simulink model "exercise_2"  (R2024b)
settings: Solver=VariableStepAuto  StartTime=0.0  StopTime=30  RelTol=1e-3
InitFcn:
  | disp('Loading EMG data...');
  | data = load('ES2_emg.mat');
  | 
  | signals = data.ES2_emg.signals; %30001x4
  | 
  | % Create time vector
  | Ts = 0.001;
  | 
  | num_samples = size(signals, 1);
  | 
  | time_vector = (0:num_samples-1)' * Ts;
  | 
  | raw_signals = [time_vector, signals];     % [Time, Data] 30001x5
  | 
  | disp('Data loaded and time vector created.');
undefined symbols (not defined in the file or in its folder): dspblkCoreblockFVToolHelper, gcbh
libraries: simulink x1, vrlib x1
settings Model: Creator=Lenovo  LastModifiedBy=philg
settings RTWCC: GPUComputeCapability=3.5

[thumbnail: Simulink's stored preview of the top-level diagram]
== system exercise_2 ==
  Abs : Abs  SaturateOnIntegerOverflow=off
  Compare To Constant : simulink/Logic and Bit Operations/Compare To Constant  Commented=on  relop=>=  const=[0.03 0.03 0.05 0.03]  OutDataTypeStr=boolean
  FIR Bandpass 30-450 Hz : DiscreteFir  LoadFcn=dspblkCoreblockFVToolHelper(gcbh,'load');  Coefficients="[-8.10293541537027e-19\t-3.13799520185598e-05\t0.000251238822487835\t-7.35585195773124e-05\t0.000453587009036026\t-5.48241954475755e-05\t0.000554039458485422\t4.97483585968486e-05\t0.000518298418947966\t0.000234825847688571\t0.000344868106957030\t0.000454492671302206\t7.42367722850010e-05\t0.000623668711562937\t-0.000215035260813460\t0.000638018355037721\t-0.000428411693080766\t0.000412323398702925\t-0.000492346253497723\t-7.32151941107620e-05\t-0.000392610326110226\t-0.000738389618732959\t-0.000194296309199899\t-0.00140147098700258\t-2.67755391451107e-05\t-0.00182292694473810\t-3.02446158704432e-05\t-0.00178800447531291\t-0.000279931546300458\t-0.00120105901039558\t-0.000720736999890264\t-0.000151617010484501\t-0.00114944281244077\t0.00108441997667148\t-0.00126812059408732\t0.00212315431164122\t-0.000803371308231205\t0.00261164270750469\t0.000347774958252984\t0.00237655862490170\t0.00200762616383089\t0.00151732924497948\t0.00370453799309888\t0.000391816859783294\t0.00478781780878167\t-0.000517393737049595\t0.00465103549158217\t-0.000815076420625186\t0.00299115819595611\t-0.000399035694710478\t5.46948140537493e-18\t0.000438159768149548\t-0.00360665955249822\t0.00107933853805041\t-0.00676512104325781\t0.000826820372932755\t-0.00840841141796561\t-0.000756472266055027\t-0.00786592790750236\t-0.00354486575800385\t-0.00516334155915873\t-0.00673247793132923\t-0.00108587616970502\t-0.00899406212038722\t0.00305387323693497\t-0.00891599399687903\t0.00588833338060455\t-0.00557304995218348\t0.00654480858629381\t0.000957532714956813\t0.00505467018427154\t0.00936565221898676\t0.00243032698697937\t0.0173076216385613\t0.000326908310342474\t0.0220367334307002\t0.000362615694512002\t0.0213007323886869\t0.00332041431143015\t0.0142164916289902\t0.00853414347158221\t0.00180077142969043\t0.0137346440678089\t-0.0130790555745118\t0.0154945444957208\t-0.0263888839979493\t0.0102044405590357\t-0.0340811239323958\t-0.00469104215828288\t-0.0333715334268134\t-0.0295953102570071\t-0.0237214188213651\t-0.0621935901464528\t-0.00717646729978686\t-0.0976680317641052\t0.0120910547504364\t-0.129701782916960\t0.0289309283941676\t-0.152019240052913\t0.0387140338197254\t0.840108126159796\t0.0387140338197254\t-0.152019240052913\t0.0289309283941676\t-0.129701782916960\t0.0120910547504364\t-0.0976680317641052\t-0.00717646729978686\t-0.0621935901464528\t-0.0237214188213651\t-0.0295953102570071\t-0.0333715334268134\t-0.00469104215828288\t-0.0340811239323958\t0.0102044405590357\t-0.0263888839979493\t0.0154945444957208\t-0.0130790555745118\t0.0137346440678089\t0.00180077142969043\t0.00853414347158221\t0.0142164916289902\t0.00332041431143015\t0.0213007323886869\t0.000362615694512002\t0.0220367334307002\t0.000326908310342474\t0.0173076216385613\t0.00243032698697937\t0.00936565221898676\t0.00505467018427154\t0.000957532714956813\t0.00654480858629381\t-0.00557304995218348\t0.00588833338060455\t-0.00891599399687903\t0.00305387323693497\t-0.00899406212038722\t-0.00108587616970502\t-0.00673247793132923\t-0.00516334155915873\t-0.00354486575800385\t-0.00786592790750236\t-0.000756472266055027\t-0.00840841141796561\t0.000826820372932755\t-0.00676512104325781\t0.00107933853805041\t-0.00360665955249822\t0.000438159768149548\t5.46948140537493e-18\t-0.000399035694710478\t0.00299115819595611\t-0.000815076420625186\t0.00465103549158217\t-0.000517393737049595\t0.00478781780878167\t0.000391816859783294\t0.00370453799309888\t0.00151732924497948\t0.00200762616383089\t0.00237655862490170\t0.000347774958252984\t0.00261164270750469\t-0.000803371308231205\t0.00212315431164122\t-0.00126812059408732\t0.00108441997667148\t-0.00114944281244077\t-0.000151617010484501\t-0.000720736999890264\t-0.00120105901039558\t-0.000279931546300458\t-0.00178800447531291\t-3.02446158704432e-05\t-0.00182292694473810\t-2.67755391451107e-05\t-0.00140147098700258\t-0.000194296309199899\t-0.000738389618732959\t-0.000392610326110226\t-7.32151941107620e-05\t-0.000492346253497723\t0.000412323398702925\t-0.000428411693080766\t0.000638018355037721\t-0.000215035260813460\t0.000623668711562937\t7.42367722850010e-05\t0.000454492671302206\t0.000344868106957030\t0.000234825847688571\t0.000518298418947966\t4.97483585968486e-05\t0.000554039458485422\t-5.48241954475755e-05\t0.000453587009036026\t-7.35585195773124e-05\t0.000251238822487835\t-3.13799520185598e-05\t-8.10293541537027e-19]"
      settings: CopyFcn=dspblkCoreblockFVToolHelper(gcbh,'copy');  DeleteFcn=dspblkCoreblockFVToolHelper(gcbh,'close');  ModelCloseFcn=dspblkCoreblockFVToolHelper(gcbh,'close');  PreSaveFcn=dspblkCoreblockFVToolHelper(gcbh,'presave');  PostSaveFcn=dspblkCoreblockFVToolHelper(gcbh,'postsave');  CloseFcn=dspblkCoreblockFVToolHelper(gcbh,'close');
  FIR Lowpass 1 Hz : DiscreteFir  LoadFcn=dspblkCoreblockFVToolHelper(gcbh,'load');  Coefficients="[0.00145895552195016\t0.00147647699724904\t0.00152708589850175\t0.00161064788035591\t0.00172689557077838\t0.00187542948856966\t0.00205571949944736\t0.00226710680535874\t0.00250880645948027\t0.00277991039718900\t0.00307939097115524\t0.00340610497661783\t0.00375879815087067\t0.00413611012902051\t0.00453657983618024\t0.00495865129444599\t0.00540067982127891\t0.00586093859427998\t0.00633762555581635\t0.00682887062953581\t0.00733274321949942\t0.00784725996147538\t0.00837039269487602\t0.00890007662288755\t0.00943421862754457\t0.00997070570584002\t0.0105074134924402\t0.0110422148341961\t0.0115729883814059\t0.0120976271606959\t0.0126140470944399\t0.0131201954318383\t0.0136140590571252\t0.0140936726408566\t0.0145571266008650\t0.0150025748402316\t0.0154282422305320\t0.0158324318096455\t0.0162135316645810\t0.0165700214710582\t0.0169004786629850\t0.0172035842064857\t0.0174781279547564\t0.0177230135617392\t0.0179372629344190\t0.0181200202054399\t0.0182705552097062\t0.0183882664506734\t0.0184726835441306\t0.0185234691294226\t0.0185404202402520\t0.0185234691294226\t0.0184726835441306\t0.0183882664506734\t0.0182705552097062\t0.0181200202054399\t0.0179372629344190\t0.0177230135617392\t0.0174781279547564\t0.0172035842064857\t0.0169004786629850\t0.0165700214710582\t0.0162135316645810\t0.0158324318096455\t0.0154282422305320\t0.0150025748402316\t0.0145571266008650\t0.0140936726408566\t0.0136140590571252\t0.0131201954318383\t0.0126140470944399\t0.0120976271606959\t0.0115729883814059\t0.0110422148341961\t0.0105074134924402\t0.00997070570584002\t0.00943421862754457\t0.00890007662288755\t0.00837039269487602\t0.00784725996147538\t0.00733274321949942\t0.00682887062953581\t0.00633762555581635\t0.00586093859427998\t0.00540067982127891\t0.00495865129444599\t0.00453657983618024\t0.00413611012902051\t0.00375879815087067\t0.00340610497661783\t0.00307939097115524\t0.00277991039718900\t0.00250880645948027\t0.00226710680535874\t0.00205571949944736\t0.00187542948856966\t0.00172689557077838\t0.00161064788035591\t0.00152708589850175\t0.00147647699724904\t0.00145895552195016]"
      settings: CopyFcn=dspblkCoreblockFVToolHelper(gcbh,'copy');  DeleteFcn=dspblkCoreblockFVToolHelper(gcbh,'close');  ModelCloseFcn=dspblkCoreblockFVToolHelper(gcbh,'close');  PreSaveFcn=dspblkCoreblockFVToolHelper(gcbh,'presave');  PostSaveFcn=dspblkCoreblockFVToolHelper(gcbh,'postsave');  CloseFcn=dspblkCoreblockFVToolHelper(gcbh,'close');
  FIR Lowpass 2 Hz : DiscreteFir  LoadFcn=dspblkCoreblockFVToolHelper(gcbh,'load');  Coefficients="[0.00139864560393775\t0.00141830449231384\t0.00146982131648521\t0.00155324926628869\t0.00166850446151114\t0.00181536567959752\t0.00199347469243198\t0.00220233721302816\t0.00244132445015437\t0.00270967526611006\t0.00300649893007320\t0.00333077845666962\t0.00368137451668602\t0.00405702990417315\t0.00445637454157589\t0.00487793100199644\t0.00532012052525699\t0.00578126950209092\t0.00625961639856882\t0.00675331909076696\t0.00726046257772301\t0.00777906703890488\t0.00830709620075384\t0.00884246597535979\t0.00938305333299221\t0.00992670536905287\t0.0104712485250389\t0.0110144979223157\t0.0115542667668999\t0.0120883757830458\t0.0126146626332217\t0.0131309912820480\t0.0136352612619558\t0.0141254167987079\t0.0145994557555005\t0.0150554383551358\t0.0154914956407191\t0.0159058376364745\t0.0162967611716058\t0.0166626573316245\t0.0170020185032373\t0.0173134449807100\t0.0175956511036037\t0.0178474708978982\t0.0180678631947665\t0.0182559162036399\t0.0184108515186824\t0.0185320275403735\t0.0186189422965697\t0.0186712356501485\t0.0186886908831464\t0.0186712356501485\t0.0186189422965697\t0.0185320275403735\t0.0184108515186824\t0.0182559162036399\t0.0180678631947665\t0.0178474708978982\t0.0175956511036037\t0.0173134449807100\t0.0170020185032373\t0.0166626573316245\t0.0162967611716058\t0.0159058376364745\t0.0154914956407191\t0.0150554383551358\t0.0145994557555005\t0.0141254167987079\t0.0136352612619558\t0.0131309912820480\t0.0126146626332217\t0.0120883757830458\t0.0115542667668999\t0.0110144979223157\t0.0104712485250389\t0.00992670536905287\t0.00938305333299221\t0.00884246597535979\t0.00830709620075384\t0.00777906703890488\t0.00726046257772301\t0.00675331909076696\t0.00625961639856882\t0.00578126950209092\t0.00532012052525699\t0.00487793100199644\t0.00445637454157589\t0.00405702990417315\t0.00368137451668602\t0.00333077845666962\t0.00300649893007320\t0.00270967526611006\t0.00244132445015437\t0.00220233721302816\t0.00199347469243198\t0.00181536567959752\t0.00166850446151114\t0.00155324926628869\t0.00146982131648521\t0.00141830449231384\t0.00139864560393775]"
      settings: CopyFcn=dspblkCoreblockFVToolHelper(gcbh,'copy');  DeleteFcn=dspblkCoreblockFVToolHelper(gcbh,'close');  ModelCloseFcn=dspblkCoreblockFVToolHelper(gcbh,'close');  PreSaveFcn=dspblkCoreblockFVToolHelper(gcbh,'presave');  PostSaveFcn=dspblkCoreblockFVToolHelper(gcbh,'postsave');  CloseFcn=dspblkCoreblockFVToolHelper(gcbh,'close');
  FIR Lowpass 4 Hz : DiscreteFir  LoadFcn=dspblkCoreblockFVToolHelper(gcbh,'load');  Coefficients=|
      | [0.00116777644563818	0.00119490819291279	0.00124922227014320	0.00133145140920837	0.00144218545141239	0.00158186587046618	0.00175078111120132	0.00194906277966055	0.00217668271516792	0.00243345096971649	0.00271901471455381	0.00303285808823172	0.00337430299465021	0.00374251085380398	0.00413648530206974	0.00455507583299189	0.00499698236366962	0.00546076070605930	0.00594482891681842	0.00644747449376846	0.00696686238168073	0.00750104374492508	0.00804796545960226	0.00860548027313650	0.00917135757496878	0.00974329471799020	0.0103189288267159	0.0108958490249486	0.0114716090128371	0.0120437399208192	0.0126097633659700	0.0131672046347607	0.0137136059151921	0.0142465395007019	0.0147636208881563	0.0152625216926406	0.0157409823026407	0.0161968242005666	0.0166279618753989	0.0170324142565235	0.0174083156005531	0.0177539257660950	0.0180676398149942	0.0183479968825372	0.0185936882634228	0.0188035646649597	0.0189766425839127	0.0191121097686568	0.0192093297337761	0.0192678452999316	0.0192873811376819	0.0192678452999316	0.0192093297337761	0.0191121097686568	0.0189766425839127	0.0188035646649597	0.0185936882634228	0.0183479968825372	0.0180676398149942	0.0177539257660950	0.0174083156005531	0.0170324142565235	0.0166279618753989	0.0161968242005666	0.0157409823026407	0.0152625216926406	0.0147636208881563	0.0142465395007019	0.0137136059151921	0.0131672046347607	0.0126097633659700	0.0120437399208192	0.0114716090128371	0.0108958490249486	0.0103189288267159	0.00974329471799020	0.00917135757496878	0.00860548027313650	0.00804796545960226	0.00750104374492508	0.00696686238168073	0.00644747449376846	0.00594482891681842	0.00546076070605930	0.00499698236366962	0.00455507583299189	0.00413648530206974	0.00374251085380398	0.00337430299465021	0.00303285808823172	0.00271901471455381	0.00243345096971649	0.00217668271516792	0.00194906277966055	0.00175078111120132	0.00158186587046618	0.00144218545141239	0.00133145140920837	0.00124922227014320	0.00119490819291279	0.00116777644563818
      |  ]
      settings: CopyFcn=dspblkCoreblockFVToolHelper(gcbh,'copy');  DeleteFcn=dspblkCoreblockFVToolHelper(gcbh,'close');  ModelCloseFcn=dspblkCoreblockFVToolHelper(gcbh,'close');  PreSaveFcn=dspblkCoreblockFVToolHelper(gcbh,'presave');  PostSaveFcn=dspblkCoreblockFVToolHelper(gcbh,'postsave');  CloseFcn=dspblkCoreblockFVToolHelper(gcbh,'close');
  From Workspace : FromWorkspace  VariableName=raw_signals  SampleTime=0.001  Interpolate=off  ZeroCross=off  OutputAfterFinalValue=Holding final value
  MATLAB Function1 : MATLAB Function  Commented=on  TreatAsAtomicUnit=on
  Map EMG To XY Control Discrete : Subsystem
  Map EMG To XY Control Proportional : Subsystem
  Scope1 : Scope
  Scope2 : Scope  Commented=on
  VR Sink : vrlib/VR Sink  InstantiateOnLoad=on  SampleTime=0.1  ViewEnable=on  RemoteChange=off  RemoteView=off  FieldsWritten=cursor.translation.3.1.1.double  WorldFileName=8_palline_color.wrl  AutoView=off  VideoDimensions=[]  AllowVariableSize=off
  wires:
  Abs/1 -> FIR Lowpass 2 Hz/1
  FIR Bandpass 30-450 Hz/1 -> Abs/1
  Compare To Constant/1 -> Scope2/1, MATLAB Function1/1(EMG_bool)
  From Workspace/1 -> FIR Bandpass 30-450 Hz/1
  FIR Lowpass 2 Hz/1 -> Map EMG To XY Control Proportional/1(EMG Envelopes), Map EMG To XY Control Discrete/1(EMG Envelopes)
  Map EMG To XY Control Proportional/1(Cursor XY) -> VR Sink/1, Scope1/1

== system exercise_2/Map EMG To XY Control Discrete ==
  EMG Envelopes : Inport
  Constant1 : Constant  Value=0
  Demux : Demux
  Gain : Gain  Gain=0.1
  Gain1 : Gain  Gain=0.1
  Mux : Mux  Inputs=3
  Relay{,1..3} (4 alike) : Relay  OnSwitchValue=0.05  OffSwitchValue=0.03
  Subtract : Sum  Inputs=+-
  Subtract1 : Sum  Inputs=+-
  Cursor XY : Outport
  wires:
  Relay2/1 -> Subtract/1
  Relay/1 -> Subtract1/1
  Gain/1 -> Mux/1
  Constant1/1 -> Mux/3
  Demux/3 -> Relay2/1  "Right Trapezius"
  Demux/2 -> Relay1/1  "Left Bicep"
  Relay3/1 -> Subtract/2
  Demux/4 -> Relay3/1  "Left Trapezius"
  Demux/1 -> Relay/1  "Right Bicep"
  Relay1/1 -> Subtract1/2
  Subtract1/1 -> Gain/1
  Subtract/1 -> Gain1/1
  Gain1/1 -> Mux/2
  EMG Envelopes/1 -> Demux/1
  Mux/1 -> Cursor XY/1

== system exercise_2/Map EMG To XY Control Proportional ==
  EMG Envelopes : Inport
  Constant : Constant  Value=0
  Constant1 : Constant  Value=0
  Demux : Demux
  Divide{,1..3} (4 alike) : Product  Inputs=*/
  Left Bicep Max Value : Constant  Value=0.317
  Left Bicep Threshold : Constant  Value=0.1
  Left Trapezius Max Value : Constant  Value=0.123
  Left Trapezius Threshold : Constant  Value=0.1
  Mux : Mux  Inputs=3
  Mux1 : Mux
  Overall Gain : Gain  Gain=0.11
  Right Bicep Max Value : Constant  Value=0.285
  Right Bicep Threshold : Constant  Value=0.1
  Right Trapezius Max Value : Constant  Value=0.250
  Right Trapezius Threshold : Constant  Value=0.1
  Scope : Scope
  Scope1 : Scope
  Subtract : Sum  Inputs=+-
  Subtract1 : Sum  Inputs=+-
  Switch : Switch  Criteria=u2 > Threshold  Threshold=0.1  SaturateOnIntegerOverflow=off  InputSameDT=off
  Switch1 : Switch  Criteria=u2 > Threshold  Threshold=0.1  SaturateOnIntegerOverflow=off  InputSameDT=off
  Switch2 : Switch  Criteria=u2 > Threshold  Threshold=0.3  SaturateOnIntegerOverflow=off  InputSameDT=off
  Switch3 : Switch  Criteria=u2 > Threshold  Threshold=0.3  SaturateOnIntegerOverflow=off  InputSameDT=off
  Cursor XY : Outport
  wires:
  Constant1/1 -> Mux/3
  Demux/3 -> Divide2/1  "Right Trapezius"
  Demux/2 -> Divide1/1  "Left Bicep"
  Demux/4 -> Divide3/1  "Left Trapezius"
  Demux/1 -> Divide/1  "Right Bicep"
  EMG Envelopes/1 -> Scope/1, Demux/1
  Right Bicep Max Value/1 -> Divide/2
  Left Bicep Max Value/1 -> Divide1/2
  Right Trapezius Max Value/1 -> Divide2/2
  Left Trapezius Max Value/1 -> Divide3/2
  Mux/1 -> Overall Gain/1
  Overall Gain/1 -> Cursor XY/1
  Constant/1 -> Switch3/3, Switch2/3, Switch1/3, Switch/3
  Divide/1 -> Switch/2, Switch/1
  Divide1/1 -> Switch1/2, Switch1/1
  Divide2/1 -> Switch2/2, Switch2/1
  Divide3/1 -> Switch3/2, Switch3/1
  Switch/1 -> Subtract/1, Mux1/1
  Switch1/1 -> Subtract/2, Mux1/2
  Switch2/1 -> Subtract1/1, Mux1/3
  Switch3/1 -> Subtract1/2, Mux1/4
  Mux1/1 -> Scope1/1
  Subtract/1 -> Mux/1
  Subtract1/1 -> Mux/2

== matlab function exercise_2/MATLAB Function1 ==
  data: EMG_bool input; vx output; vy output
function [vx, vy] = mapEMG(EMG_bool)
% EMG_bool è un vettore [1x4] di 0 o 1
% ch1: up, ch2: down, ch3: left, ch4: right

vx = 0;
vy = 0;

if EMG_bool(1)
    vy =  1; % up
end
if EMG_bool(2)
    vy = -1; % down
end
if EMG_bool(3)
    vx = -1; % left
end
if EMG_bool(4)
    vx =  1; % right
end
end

========

__PROBLEM DESCRIPTION__
Above are the records. How many of their lines hold "alike"? Answer with the number alone.

__RESULT OF THIS TASK__
2